Task =>
Show each line in the listing below that contains the word "part".

Information shown =>
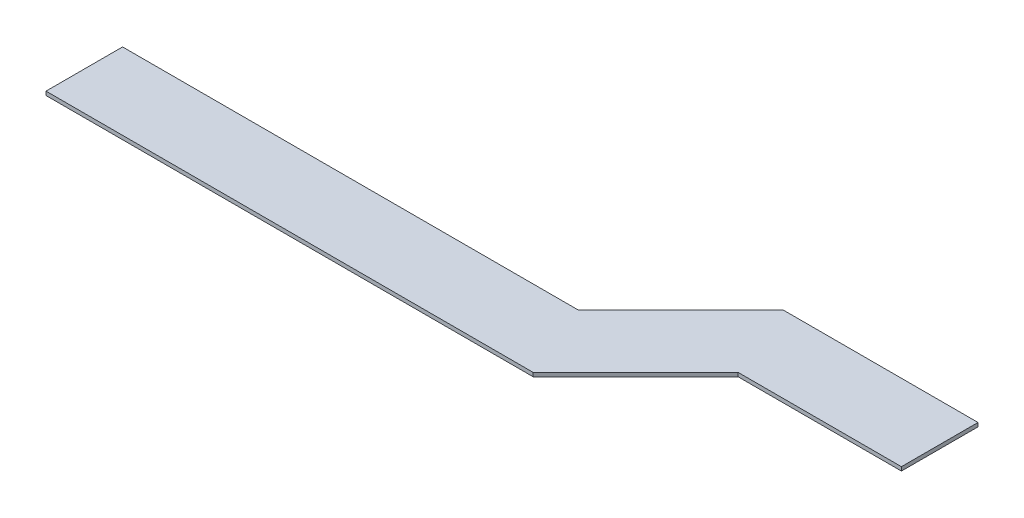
from build123d import *

# Parameters (mm, degrees)
EXTRUSION1_DEPTH = 3


with BuildPart() as part:
    # Esquisse1 → Extrusion1 (new body)
    with BuildSketch(Plane(origin=(0, 0, 0), x_dir=(1, 0, 0), z_dir=(0, 1, 0))):
        Polygon((0, 0), (0, -60), (-128, -60), (-208.3, -140.3), (-590, -140.3), (-590, -80.3), (-233.2, -80.3), (-152.9, 0), align=None)
    extrude(amount=EXTRUSION1_DEPTH)


solid = part.part

Solved exercise =>
with BuildPart() as part:
solid = part.part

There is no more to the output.